◆ The problem ◆
Only the lines from the beginning of the entries through the one with "msp.add_line((-417.7, -260.6), (-417.7, 264.4), dxfattribs=at)" should be written out, please, exactly and without any pictures.

◆ Dataset entries ◆
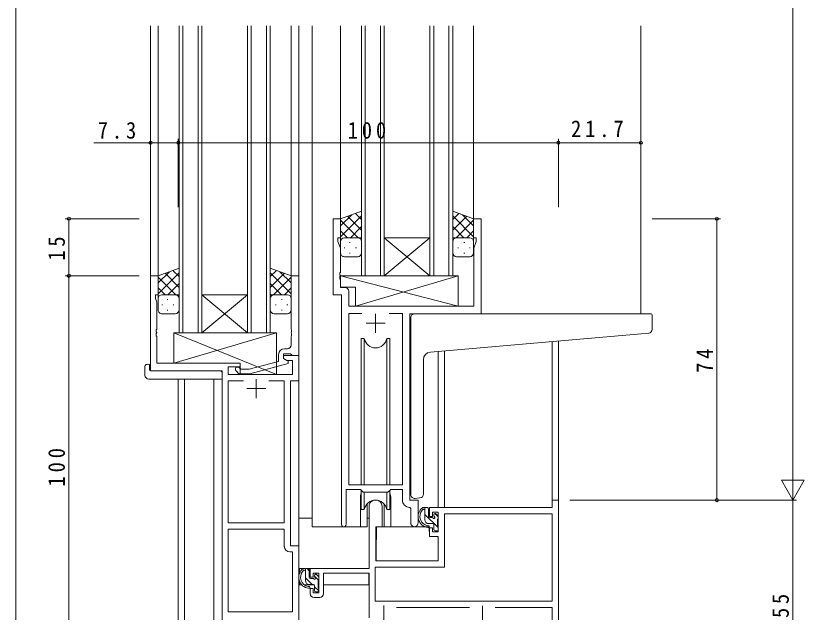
# Model space of a CAD drawing. Units: millimetres on the paper. Extents: x -420 to 373, y -297 to 267.
# Drawn here: x -417.7 to -210.2, y -207.4 to -50.5 of the extents above; entities that cross this region are included whole.
import ezdxf

# ---------------------------------------------------------------- set-up
doc = ezdxf.new("R2010")
doc.units = ezdxf.units.MM
for name, color, linetype, lineweight in [('0-1_YKK_ZWAK', 7, 'Continuous', 9), ('0-3_YKK_11', 7, 'Continuous', 9), ('0-4_YKK_12', 2, 'Continuous', 9), ('0-5_YKK_13', 4, 'Continuous', 9), ('0-7_YKK_D', 6, 'Continuous', 9)]:
    doc.layers.add(name, color=color, linetype=linetype, lineweight=lineweight)
doc.styles.add('ＭＳ ゴシック', font='')
doc.styles.get('ＭＳ ゴシック').set_extended_font_data('MS Gothic')

msp = doc.modelspace()

# ---------------------------------------------------------------- linework, layer by layer
at = {"layer": '0-1_YKK_ZWAK'}
msp.add_line((-417.7, -260.6), (-417.7, 264.4), dxfattribs=at)
at = {"layer": '0-3_YKK_11'}
for p, q in [((-334.223, -103.88), (-334.223, -123.88)), ((-332.223, -103.88), (-334.223, -103.88)), ((-332.223, -108.88), (-332.223, -103.88)), ((-297.223, -103.88), (-297.223, -108.88)), ((-295.223, -103.88), (-297.223, -103.88)), ((-295.223, -128.88), (-295.223, -103.88)), ((-332.923, -108.88), (-332.223, -108.88)), ((-332.923, -109.88), (-332.923, -108.88)), ((-332.293, -111.61), (-332.923, -109.88)), ((-297.223, -108.88), (-296.523, -108.88)), ((-296.523, -109.88), (-297.153, -111.61)), ((-296.523, -108.88), (-296.523, -109.88)), ((-332.293, -117.921), (-332.293, -111.61)), ((-297.153, -111.61), (-297.153, -126.88)), ((-332.413, -118.105), (-332.293, -117.921)), ((-332.413, -118.654), (-332.413, -118.105)), ((-382.224, -118.88), (-380.224, -118.88)), ((-382.224, -143.879), (-382.224, -118.88)), ((-380.224, -118.88), (-380.224, -123.879)), ((-345.224, -118.88), (-345.224, -132.921)), ((-343.224, -118.88), (-345.224, -118.88)), ((-343.224, -139.88), (-343.224, -118.88)), ((-332.293, -118.838), (-332.413, -118.654)), ((-332.413, -119.105), (-332.293, -118.921)), ((-332.413, -119.655), (-332.413, -119.105)), ((-332.293, -119.838), (-332.413, -119.655)), ((-332.293, -118.921), (-332.293, -118.838)), ((-332.293, -121.95), (-332.293, -119.838)), ((-331.093, -121.95), (-332.293, -121.95)), ((-380.924, -123.879), (-380.924, -124.879)), ((-380.224, -123.879), (-380.924, -123.879)), ((-334.223, -123.88), (-332.023, -123.88)), ((-332.023, -123.88), (-332.023, -184.23)), ((-330.093, -126.88), (-330.093, -122.95)), ((-380.924, -124.879), (-380.594, -125.786)), ((-380.594, -125.786), (-380.594, -132.921)), ((-297.153, -126.88), (-330.093, -126.88)), ((-330.093, -128.81), (-330.093, -173.88)), ((-326.61, -128.81), (-330.093, -128.81)), ((-326.61, -128.81), (-330.093, -128.81)), ((-323.023, -128.88), (-323.023, -133.88)), ((-315.953, -128.81), (-319.436, -128.81)), ((-315.953, -173.88), (-315.953, -128.81)), ((-314.023, -128.88), (-295.223, -128.88)), ((-314.023, -177.88), (-314.023, -128.88)), ((-325.523, -131.38), (-320.523, -131.38)), ((-380.594, -132.921), (-380.714, -133.105)), ((-380.714, -133.105), (-380.714, -133.654)), ((-380.714, -133.654), (-380.594, -133.838)), ((-380.594, -133.921), (-380.714, -134.105)), ((-380.714, -134.105), (-380.714, -134.654)), ((-380.714, -134.654), (-380.594, -134.838)), ((-380.594, -133.838), (-380.594, -133.921)), ((-380.594, -134.838), (-380.594, -141.879)), ((-345.224, -132.921), (-345.104, -133.105)), ((-345.104, -133.654), (-345.224, -133.838)), ((-345.224, -133.838), (-345.224, -133.921)), ((-345.224, -133.921), (-345.104, -134.105)), ((-345.104, -134.654), (-345.224, -134.838)), ((-345.224, -134.838), (-345.224, -137.079)), ((-345.104, -133.105), (-345.104, -133.654)), ((-345.104, -134.105), (-345.104, -134.654)), ((-346.224, -138.079), (-347.024, -138.079)), ((-348.524, -139.579), (-348.524, -141.4)), ((-347.224, -139.379), (-345.424, -139.379)), ((-347.224, -140.679), (-347.224, -139.379)), ((-347.224, -139.88), (-343.224, -139.88)), ((-347.224, -140.679), (-347.224, -139.88)), ((-346.024, -141.372), (-347.224, -140.679)), ((-346.358, -141.179), (-347.224, -140.679)), ((-345.424, -139.379), (-345.224, -139.579)), ((-345.224, -139.579), (-344.924, -139.88)), ((-344.924, -139.88), (-343.224, -139.88)), ((-343.224, -139.88), (-343.224, -146.51)), ((-380.594, -141.879), (-358.624, -141.879)), ((-361.794, -142.879), (-361.794, -144.879)), ((-358.624, -142.879), (-361.794, -142.879)), ((-358.475, -143.479), (-358.899, -143.055)), ((-358.624, -141.879), (-358.624, -142.879)), ((-348.524, -141.4), (-356.285, -143.479)), ((-356.127, -144.68), (-346.024, -141.972)), ((-344.854, -141.179), (-346.358, -141.179)), ((-346.024, -141.972), (-346.024, -141.372)), ((-344.854, -144.879), (-344.854, -141.179)), ((-363.424, -143.879), (-382.224, -143.879)), ((-363.424, -210.13), (-363.424, -143.879)), ((-361.794, -144.879), (-344.854, -144.879)), ((-359.748, -143.904), (-358.972, -144.68)), ((-358.972, -144.68), (-356.127, -144.68)), ((-356.285, -143.479), (-358.475, -143.479)), ((-361.794, -146.51), (-361.794, -183.879)), ((-357.774, -146.51), (-361.794, -146.51)), ((-357.774, -146.51), (-361.794, -146.51)), ((-354.424, -146.079), (-354.424, -151.079)), ((-347.054, -146.51), (-351.073, -146.51)), ((-347.054, -183.879), (-347.054, -146.51)), ((-345.424, -146.51), (-345.424, -189.879)), ((-343.224, -146.51), (-345.424, -146.51)), ((-356.924, -148.579), (-351.924, -148.579)), ((-330.093, -173.88), (-315.953, -173.88)), ((-330.723, -175.08), (-327.023, -175.08)), ((-330.723, -184.23), (-330.723, -175.08)), ((-327.023, -175.08), (-326.293, -175.81)), ((-326.293, -175.81), (-319.753, -175.81)), ((-319.753, -175.81), (-319.023, -175.08)), ((-319.023, -175.08), (-315.953, -175.08)), ((-315.953, -175.08), (-315.953, -177.81)), ((-311.823, -177.88), (-314.023, -177.88)), ((-311.823, -183.915), (-311.823, -177.88)), ((-276.553, -177.879), (-276.553, -179.879)), ((-274.923, -177.879), (-276.553, -177.879)), ((-274.923, -225.879), (-274.923, -177.879)), ((-324.723, -179.579), (-324.723, -195.879)), ((-321.323, -184.879), (-321.323, -179.579)), ((-314.04, -179.808), (-313.753, -180.107)), ((-313.753, -180.107), (-313.753, -183.915)), ((-308.823, -179.879), (-308.823, -182.179)), ((-276.553, -179.879), (-308.823, -179.879)), ((-308.823, -182.179), (-308.023, -182.179)), ((-308.023, -181.079), (-306.553, -181.079)), ((-308.023, -182.179), (-308.023, -181.079)), ((-306.553, -181.079), (-306.553, -186.279)), ((-304.923, -181.509), (-304.923, -195.509)), ((-276.553, -181.509), (-304.923, -181.509)), ((-276.553, -204.479), (-276.553, -181.509)), ((-361.794, -183.879), (-347.054, -183.879)), ((-361.794, -185.509), (-347.054, -185.509)), ((-361.794, -207.249), (-361.794, -185.509)), ((-361.794, -207.249), (-361.794, -185.509)), ((-347.054, -185.509), (-347.054, -190.009)), ((-322.923, -184.879), (-321.323, -184.879)), ((-322.923, -193.879), (-322.923, -184.879)), ((-308.823, -185.179), (-308.823, -187.479)), ((-308.023, -185.179), (-308.823, -185.179)), ((-308.023, -186.279), (-308.023, -185.179)), ((-306.553, -186.279), (-308.023, -186.279)), ((-308.823, -187.479), (-306.553, -187.479)), ((-306.553, -187.479), (-306.553, -193.879)), ((-345.424, -189.879), (-343.224, -189.879)), ((-343.224, -189.879), (-343.224, -207.379)), ((-345.554, -191.509), (-344.854, -191.509)), ((-344.854, -191.509), (-344.854, -207.249)), ((-306.553, -193.879), (-322.923, -193.879)), ((-340.223, -195.879), (-340.223, -198.179)), ((-324.723, -195.879), (-340.223, -195.879)), ((-339.423, -197.079), (-337.923, -197.079)), ((-339.423, -198.179), (-339.423, -197.079)), ((-337.923, -197.079), (-337.923, -202.279)), ((-336.723, -197.079), (-324.723, -197.079)), ((-336.723, -202.479), (-336.723, -197.079)), ((-324.723, -197.079), (-324.723, -208.879)), ((-323.093, -195.509), (-323.093, -204.479)), ((-304.923, -195.509), (-323.093, -195.509)), ((-340.223, -198.179), (-339.423, -198.179)), ((-340.223, -201.179), (-340.223, -202.479)), ((-339.423, -201.179), (-340.223, -201.179)), ((-339.423, -202.279), (-339.423, -201.179)), ((-337.923, -202.279), (-339.423, -202.279)), ((-339.223, -203.479), (-337.723, -203.479)), ((-323.093, -204.479), (-276.553, -204.479)), ((-323.093, -204.479), (-276.553, -204.479)), ((-344.854, -207.249), (-361.794, -207.249)), ((-320.823, -205.579), (-320.823, -210.579)), ((-317.537, -206.109), (-298.273, -206.109)), ((-294.923, -205.679), (-294.923, -210.679)), ((-291.573, -206.109), (-276.553, -206.109)), ((-276.553, -206.109), (-276.553, -224.249))]:
    msp.add_line(p, q, dxfattribs=at)
for centre, radius, start, end in [((-331.093, -122.95), 1, 0, 89.99998), ((-347.024, -139.579), 1.5, 90, 179.99998), ((-346.224, -137.079), 1, 270, 359.99998), ((-359.324, -143.479), 0.6, 44.99998, 225), ((-323.023, -179.579), 1.7, 359.99998, 180), ((-313.953, -177.81), 2, 179.99998, 267.50807), ((-331.373, -184.23), 0.65, 179.99998, 0), ((-312.788, -183.915), 0.965, 179.99998, 0), ((-345.554, -190.009), 1.5, 180, 269.99998), ((-339.223, -202.479), 1, 180, 269.99998), ((-337.723, -202.479), 1, 270, 359.99998)]:
    msp.add_arc(centre, radius, start, end, dxfattribs=at)
at = {"layer": '0-4_YKK_12'}
for p, q in [((-382.223, -53.13), (-382.223, -143.879)), ((-380.223, -53.13), (-380.223, -119.379)), ((-374.721, -133.879), (-374.721, -53.13)), ((-373.721, -53.13), (-373.721, -133.879)), ((-369.721, -133.879), (-369.721, -53.13)), ((-368.721, -53.13), (-368.721, -133.879)), ((-356.721, -133.879), (-356.721, -53.13)), ((-355.721, -53.13), (-355.721, -133.879)), ((-351.721, -133.879), (-351.721, -53.13)), ((-350.721, -53.13), (-350.721, -133.879)), ((-345.223, -53.13), (-345.223, -119.379)), ((-343.223, -53.13), (-343.223, -218.879)), ((-339.723, -53.13), (-339.723, -184.88)), ((-332.223, -53.13), (-332.223, -104.38)), ((-326.721, -118.879), (-326.721, -53.13)), ((-325.721, -53.13), (-325.721, -118.879)), ((-321.721, -118.879), (-321.721, -53.13)), ((-320.721, -53.13), (-320.721, -118.879)), ((-308.721, -118.879), (-308.721, -53.13)), ((-307.721, -53.13), (-307.721, -118.879)), ((-303.721, -118.879), (-303.721, -53.13)), ((-302.721, -53.13), (-302.721, -118.879)), ((-297.223, -53.13), (-297.223, -104.38)), ((-253.223, -53.13), (-253.223, -128.88)), ((-308.721, -118.879), (-320.721, -108.879)), ((-320.721, -118.879), (-308.721, -108.879)), ((-320.721, -108.879), (-308.721, -108.879)), ((-320.721, -118.879), (-326.721, -118.879)), ((-320.721, -118.879), (-308.721, -118.879)), ((-302.721, -118.879), (-308.721, -118.879)), ((-356.721, -133.879), (-368.721, -123.879)), ((-368.721, -133.879), (-356.721, -123.879)), ((-368.721, -123.879), (-356.721, -123.879)), ((-298.323, -128.88), (-277.225, -128.88)), ((-368.721, -133.879), (-374.721, -133.879)), ((-368.721, -133.879), (-356.721, -133.879)), ((-350.721, -133.879), (-356.721, -133.879)), ((-276.553, -178.179), (-276.553, -136.183)), ((-274.923, -178.179), (-274.923, -136.04)), ((-306.553, -179.879), (-306.553, -138.808)), ((-304.923, -179.879), (-304.923, -138.665)), ((-374.923, -146.067), (-374.923, -221.579)), ((-373.293, -146.067), (-373.293, -231.479)), ((-365.623, -218.879), (-365.623, -146.067)), ((-327.023, -177.38), (-327.023, -184.88)), ((-319.023, -177.38), (-319.023, -184.88)), ((-306.553, -179.879), (-304.923, -179.879)), ((-327.023, -184.88), (-339.723, -184.88)), ((-312.796, -184.879), (-319.023, -184.879)), ((-312.796, -184.88), (-319.023, -184.88))]:
    msp.add_line(p, q, dxfattribs=at)
for start, end in [(159.63586, 180), (0, 20.36412)]:
    msp.add_arc((-323.023, -177.38), 4, start, end, dxfattribs=at)
at = {"layer": '0-5_YKK_13'}
for p, q in [((-326.722, -101.915), (-332.222, -103.88)), ((-332.222, -105.783), (-329.262, -102.822)), ((-332.222, -108.611), (-326.722, -103.111)), ((-326.722, -106.931), (-330.418, -103.235)), ((-326.722, -104.102), (-328.334, -102.491)), ((-326.722, -110.101), (-326.722, -101.915)), ((-302.724, -101.915), (-297.224, -103.88)), ((-302.724, -110.101), (-302.724, -101.915)), ((-302.724, -104.102), (-301.112, -102.491)), ((-297.224, -108.611), (-302.724, -103.111)), ((-302.724, -106.931), (-299.028, -103.235)), ((-297.224, -105.783), (-300.184, -102.822)), ((-332.222, -103.88), (-332.222, -109.88)), ((-327.602, -108.88), (-332.222, -104.259)), ((-301.844, -108.88), (-297.224, -104.259)), ((-297.224, -103.88), (-297.224, -109.88)), ((-330.431, -108.88), (-332.222, -107.088)), ((-329.662, -108.88), (-326.722, -105.94)), ((-299.784, -108.88), (-302.724, -105.94)), ((-299.015, -108.88), (-297.224, -107.088)), ((-332.222, -112.88), (-332.222, -109.88)), ((-331.222, -108.88), (-327.622, -108.88)), ((-330.822, -108.88), (-326.722, -108.88)), ((-326.834, -108.88), (-326.722, -108.768)), ((-326.722, -109.88), (-326.722, -112.88)), ((-302.612, -108.88), (-302.724, -108.768)), ((-298.624, -108.88), (-302.724, -108.88)), ((-302.724, -109.88), (-302.724, -112.88)), ((-298.224, -108.88), (-301.824, -108.88)), ((-297.224, -112.88), (-297.224, -109.88)), ((-331.302, -111.516), (-331.102, -111.516)), ((-329.887, -110.101), (-329.687, -110.101)), ((-328.272, -111.516), (-328.072, -111.516)), ((-301.174, -111.516), (-301.374, -111.516)), ((-299.559, -110.101), (-299.759, -110.101)), ((-298.144, -111.516), (-298.344, -111.516)), ((-327.722, -113.88), (-331.222, -113.88)), ((-329.887, -112.931), (-329.687, -112.931)), ((-301.724, -113.88), (-298.224, -113.88)), ((-299.559, -112.931), (-299.759, -112.931)), ((-374.723, -116.915), (-380.223, -118.88)), ((-380.223, -120.783), (-377.262, -117.822)), ((-380.223, -123.611), (-374.723, -118.111)), ((-374.723, -121.931), (-378.419, -118.235)), ((-374.723, -119.102), (-376.335, -117.491)), ((-374.723, -125.101), (-374.723, -116.915)), ((-350.724, -116.915), (-345.224, -118.88)), ((-350.724, -125.101), (-350.724, -116.915)), ((-350.724, -119.102), (-349.113, -117.491)), ((-345.224, -123.611), (-350.724, -118.111)), ((-350.724, -121.931), (-347.028, -118.235)), ((-345.224, -120.783), (-348.185, -117.822)), ((-380.223, -118.88), (-380.223, -124.879)), ((-375.603, -123.88), (-380.223, -119.259)), ((-349.845, -123.88), (-345.224, -119.259)), ((-345.224, -118.88), (-345.224, -124.879)), ((-301.298, -118.88), (-332.293, -118.88)), ((-328.298, -126.88), (-301.298, -118.88)), ((-301.298, -118.88), (-301.298, -126.88)), ((-378.431, -123.879), (-380.223, -122.088)), ((-377.663, -123.879), (-374.723, -120.94)), ((-347.784, -123.879), (-350.724, -120.94)), ((-347.016, -123.879), (-345.224, -122.088)), ((-328.298, -121.88), (-332.293, -121.88)), ((-328.298, -121.88), (-328.298, -126.88)), ((-379.223, -123.879), (-375.623, -123.879)), ((-378.823, -123.879), (-374.723, -123.879)), ((-374.834, -123.879), (-374.723, -123.768)), ((-350.613, -123.879), (-350.724, -123.768)), ((-346.624, -123.879), (-350.724, -123.879)), ((-346.224, -123.879), (-349.824, -123.879)), ((-380.223, -127.879), (-380.223, -124.879)), ((-379.303, -126.516), (-379.103, -126.516)), ((-377.888, -125.101), (-377.688, -125.101)), ((-376.273, -126.516), (-376.073, -126.516)), ((-374.723, -124.879), (-374.723, -127.879)), ((-350.724, -124.879), (-350.724, -127.879)), ((-349.174, -126.516), (-349.374, -126.516)), ((-347.559, -125.101), (-347.759, -125.101)), ((-346.144, -126.516), (-346.344, -126.516)), ((-345.224, -127.879), (-345.224, -124.879)), ((-377.888, -127.931), (-377.688, -127.931)), ((-347.559, -127.931), (-347.759, -127.931)), ((-301.298, -126.88), (-328.298, -126.88)), ((-375.723, -128.88), (-379.223, -128.88)), ((-349.724, -128.88), (-346.224, -128.88)), ((-313.723, -138.431), (-313.723, -129.88)), ((-312.723, -128.88), (-253.223, -128.88)), ((-250.523, -128.88), (-253.223, -128.88)), ((-250.223, -132.963), (-250.223, -129.18)), ((-376.124, -133.879), (-349.124, -133.879)), ((-376.124, -141.879), (-376.124, -133.879)), ((-376.124, -141.879), (-349.124, -133.879)), ((-349.124, -144.879), (-376.124, -133.879)), ((-349.124, -133.879), (-349.124, -144.879)), ((-308.597, -138.987), (-253.136, -134.134)), ((-253.136, -134.134), (-251.136, -133.959)), ((-325.981, -173.88), (-325.981, -135.38)), ((-320.065, -173.88), (-320.065, -135.38)), ((-319.273, -135.38), (-320.065, -135.38)), ((-319.273, -173.88), (-319.273, -135.38)), ((-313.723, -138.431), (-313.723, -139.435)), ((-313.723, -176.433), (-313.723, -139.435)), ((-310.423, -176.319), (-310.423, -140.979)), ((-383.711, -145.067), (-383.711, -142.692)), ((-382.711, -142.188), (-382.524, -142.188)), ((-382.524, -142.188), (-382.524, -142.688)), ((-382.524, -143.579), (-382.524, -142.688)), ((-358.624, -141.879), (-376.124, -141.879)), ((-358.624, -144.879), (-358.624, -141.879)), ((-382.224, -143.879), (-363.924, -143.879)), ((-363.424, -145.067), (-363.424, -144.379)), ((-363.424, -145.067), (-363.424, -146.067)), ((-349.124, -144.879), (-358.624, -144.879)), ((-382.711, -146.067), (-363.424, -146.067)), ((-326.773, -175.33), (-326.773, -180.379)), ((-325.981, -180.379), (-325.981, -175.81)), ((-320.065, -180.379), (-320.065, -175.81)), ((-319.273, -180.379), (-319.273, -175.33)), ((-311.423, -177.323), (-312.636, -177.429)), ((-311.423, -177.323), (-311.336, -177.316)), ((-326.773, -180.379), (-325.981, -180.379)), ((-325.273, -178.895), (-325.273, -184.879)), ((-320.773, -184.879), (-320.773, -178.895)), ((-320.065, -180.379), (-319.273, -180.379)), ((-309.353, -179.879), (-310.653, -179.879)), ((-310.053, -183.08), (-310.053, -179.879)), ((-309.053, -182.179), (-309.053, -180.179)), ((-306.753, -184.936), (-310.053, -181.636)), ((-308.114, -182.479), (-308.753, -182.479)), ((-307.653, -181.679), (-307.653, -182.019)), ((-306.553, -182.308), (-307.461, -181.4)), ((-306.641, -181.967), (-307.141, -181.467)), ((-306.553, -182.779), (-306.553, -182.179)), ((-339.723, -182.679), (-343.219, -182.679)), ((-343.219, -195.879), (-343.219, -182.679)), ((-325.273, -182.679), (-324.723, -182.679)), ((-307.953, -184.079), (-309.053, -184.079)), ((-307.653, -184.379), (-307.653, -185.679)), ((-306.753, -184.979), (-306.753, -182.979)), ((-325.273, -184.879), (-327.023, -184.879)), ((-322.799, -185.177), (-322.853, -191.379)), ((-308.921, -184.879), (-322.499, -184.879)), ((-319.023, -184.879), (-320.773, -184.879)), ((-308.921, -184.879), (-308.853, -187.479)), ((-307.353, -185.979), (-306.853, -185.979)), ((-306.559, -185.13), (-306.704, -184.986)), ((-306.553, -185.679), (-306.553, -185.179)), ((-322.818, -187.379), (-322.923, -187.379)), ((-308.853, -187.479), (-306.884, -187.479)), ((-306.553, -191.379), (-306.584, -187.777)), ((-322.923, -192.309), (-322.844, -192.388)), ((-322.853, -191.379), (-322.834, -193.582)), ((-306.572, -193.582), (-306.553, -191.379)), ((-322.534, -193.879), (-306.872, -193.879)), ((-325.023, -195.879), (-343.219, -195.879)), ((-343.019, -195.879), (-343.019, -197.131)), ((-340.753, -195.879), (-342.053, -195.879)), ((-341.453, -199.079), (-341.453, -195.879)), ((-340.453, -196.491), (-341.065, -195.879)), ((-340.453, -198.179), (-340.453, -196.179)), ((-339.693, -200.079), (-341.453, -198.32)), ((-339.514, -198.479), (-340.153, -198.479)), ((-339.053, -197.679), (-339.053, -198.019)), ((-338.018, -198.927), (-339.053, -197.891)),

◆ Expected answer ◆
# Model space of a CAD drawing. Units: millimetres on the paper. Extents: x -420 to 373, y -297 to 267.
# Drawn here: x -417.7 to -210.2, y -207.4 to -50.5 of the extents above; entities that cross this region are included whole.
import ezdxf

# ---------------------------------------------------------------- set-up
doc = ezdxf.new("R2010")
doc.units = ezdxf.units.MM
for name, color, linetype, lineweight in [('0-1_YKK_ZWAK', 7, 'Continuous', 9), ('0-3_YKK_11', 7, 'Continuous', 9), ('0-4_YKK_12', 2, 'Continuous', 9), ('0-5_YKK_13', 4, 'Continuous', 9), ('0-7_YKK_D', 6, 'Continuous', 9)]:
    doc.layers.add(name, color=color, linetype=linetype, lineweight=lineweight)
doc.styles.add('ＭＳ ゴシック', font='')
doc.styles.get('ＭＳ ゴシック').set_extended_font_data('MS Gothic')

msp = doc.modelspace()

# ---------------------------------------------------------------- linework, layer by layer
at = {"layer": '0-1_YKK_ZWAK'}
msp.add_line((-417.7, -260.6), (-417.7, 264.4), dxfattribs=at)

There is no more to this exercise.